カルチュラル・ニュース2008年5月号の日本語要約と解説

●カリフォルニアの自然に溶け込む日本の茶室(1ページから5ページに続く)

サンタバーバラ植物園は地元で育った植物だけを集めた植物園であることを売り物にしているが、およそ日本の景色とかけ離れたこのカリフォルニアの自然の中に、茶室が置かれている。

この茶室がサンタバーバラに運ばれてきたのは1949年のこと。日本で作られた後、分解されて実業家ロイス・グレートウッド氏の所有地であるレモン果樹園の中に組み立てられた。この茶室は、日本の実業家からグレートウッド氏への贈り物だった。

1958年に茶室を含む屋敷はエスベンシェイド一族の所有となった。エスベンシェイド家の娘アリスは、子供のころ、この茶室で遊んでいたが、後に成人して日本を旅行し、生け花や茶道に出会い、茶室の価値を理解するようになった。

その後、エスベンシェイド家が、この屋敷を手放すことになり、新しい所有者が茶室を取り壊し、その場所に住宅を建てる計画を持っていたので、サンタバーバラ・(三重県)鳥羽・姉妹都市委員会がエスベンシェイド家と一緒になって、移転先を探し、1998年に現在のサンタバーバラ植物園内に移築された。

茶室の周りは、カリフォルニア原産の植物ばかりで、日本の植物は見当たらないが、庭園デザインは伝統的な日本の庭に基づいている。

この茶室は、裏千家15代・鵬雲斎(ホウウンサイ)家元から、「心看庵」という名前をもらっている。

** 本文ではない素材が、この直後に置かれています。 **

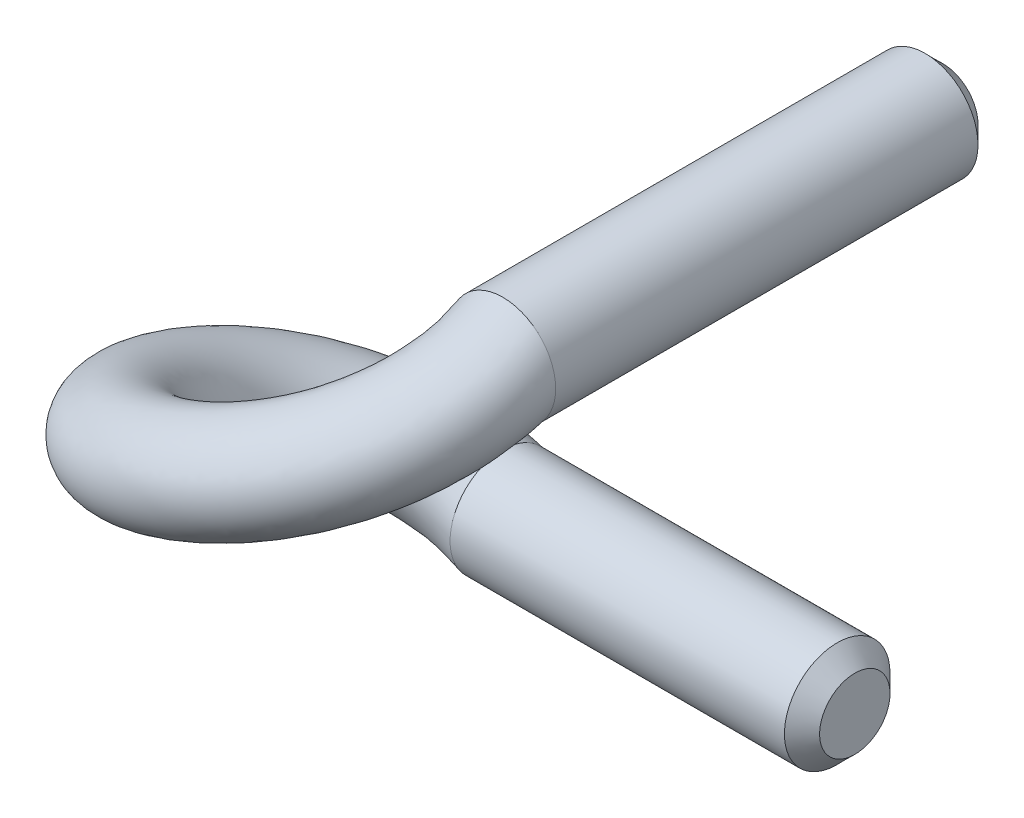
from build123d import *

# Parameters (mm, degrees)
SKIZZE1_R                       = 3
AUFSATZ_LINEAR_AUSTRAGEN1_DEPTH = 25
AUSTRAGUNG1_PITCH               = 22
AUSTRAGUNG1_HEIGHT              = 16.5
AUSTRAGUNG1_RADIUS              = 9
AUSTRAGUNG1_START_ANGLE         = 90
SKIZZE3_R                       = 3
SKIZZE4_R                       = 3
AUFSATZ_LINEAR_AUSTRAGEN2_DEPTH = 20
FASE1_SIZE                      = 1


with BuildPart() as part:
    # Skizze1 → Aufsatz-Linear austragen1 (new body)
    with BuildSketch(Plane.XY):
        Circle(SKIZZE1_R)
    extrude(amount=AUFSATZ_LINEAR_AUSTRAGEN1_DEPTH)

    # Austragung1: sweep along a helix
    with BuildLine() as austragung1_path:
        add(Helix(AUSTRAGUNG1_PITCH, AUSTRAGUNG1_HEIGHT, AUSTRAGUNG1_RADIUS, center=(-9, 0, 25), direction=(0, -1, 0), mode=Mode.PRIVATE).rotate(Axis((-9, 0, 25), (0, -1, 0)), AUSTRAGUNG1_START_ANGLE))
    # Skizze3 → Austragung1 (sweep)
    with BuildSketch(Plane.XY.offset(25)):
        Circle(SKIZZE3_R)
    sweep(path=austragung1_path.line, is_frenet=True)

    # Skizze4 → Aufsatz-Linear austragen2 (add)
    with BuildSketch(Plane(origin=(-9, 0, 0), x_dir=(0, 0, -1), z_dir=(1, 0, 0))):
        with Locations((-16, -16.5)):
            Circle(SKIZZE4_R)
    extrude(amount=AUFSATZ_LINEAR_AUSTRAGEN2_DEPTH)

    # Fase1
    fase1_edges = [part.edges().sort_by_distance(p)[0] for p in [
        (11, -16.5, 19),
        (-3, 0, 0),
    ]]
    chamfer(fase1_edges, length=FASE1_SIZE)


solid = part.part

サンタバーバラで長年、生け花を教えていたハーティ・アン・ルックさんを記念して付けられた名前なのである。

現在、この「心看庵」は、裏千家の教師免状を持つ、ソロバング(サンタバーバラの隣)に住む笠井宗京さんと茶道を勉強するひとびとによって管理されている。笠井さんは、これまで、20年以上にわたって、サンタバーバラ近郊で、頼まれれば、どこにでも出かけて、茶道を紹介し続けているひとだ。

笠井さんは、日本で子供の時から裏千家の茶道を習っていたが、2003年から2004年にかけて6ヶ月、京都の裏千家本部で、集中講義を受け、一級師範の免状を受けた。笠井さんの茶道クラスは、ソロバングの自宅とこの「心看庵」の2カ所で行われている。

4月11日には、サンタバーバラ鳥羽・姉妹都市委員会の斡旋で、ロサンゼルス総領事が初めて、「心看庵」を訪れることになった。この日、手塚義雅総領事代行と千鶴夫人がロサンゼルスから訪れ、「心看庵」で、サンタバーバラ市のマーティー・ブルム市長を始め、市議会議員、サンタバーバラ植物園の管理職たちとお茶を楽しんだ。

来客にお茶を運ぶ役を務めたリンダ・マシューズさんは、現在、サンタバーバラ鳥羽・姉妹都市委員会の会長を務めている。やはり姉妹都市委員会の中心的役割を果たしているサンタバーバラ在住の脇田孝子さんといっしょに、4月11日のロサンゼルス総領事訪問の準備をしたひとだ。

マシューズさんさんが、初めて、茶道に出会ったのは7歳のときで、叔母に連れられてサンフランシスコのゴールデン・ゲート公園内のお茶会に行ったときだった。その後、夫の転勤で、福岡に行き、そこで、福岡市が開いていた外国人向けの茶道クラスを取ったことが、茶道に入るきっかけとなった。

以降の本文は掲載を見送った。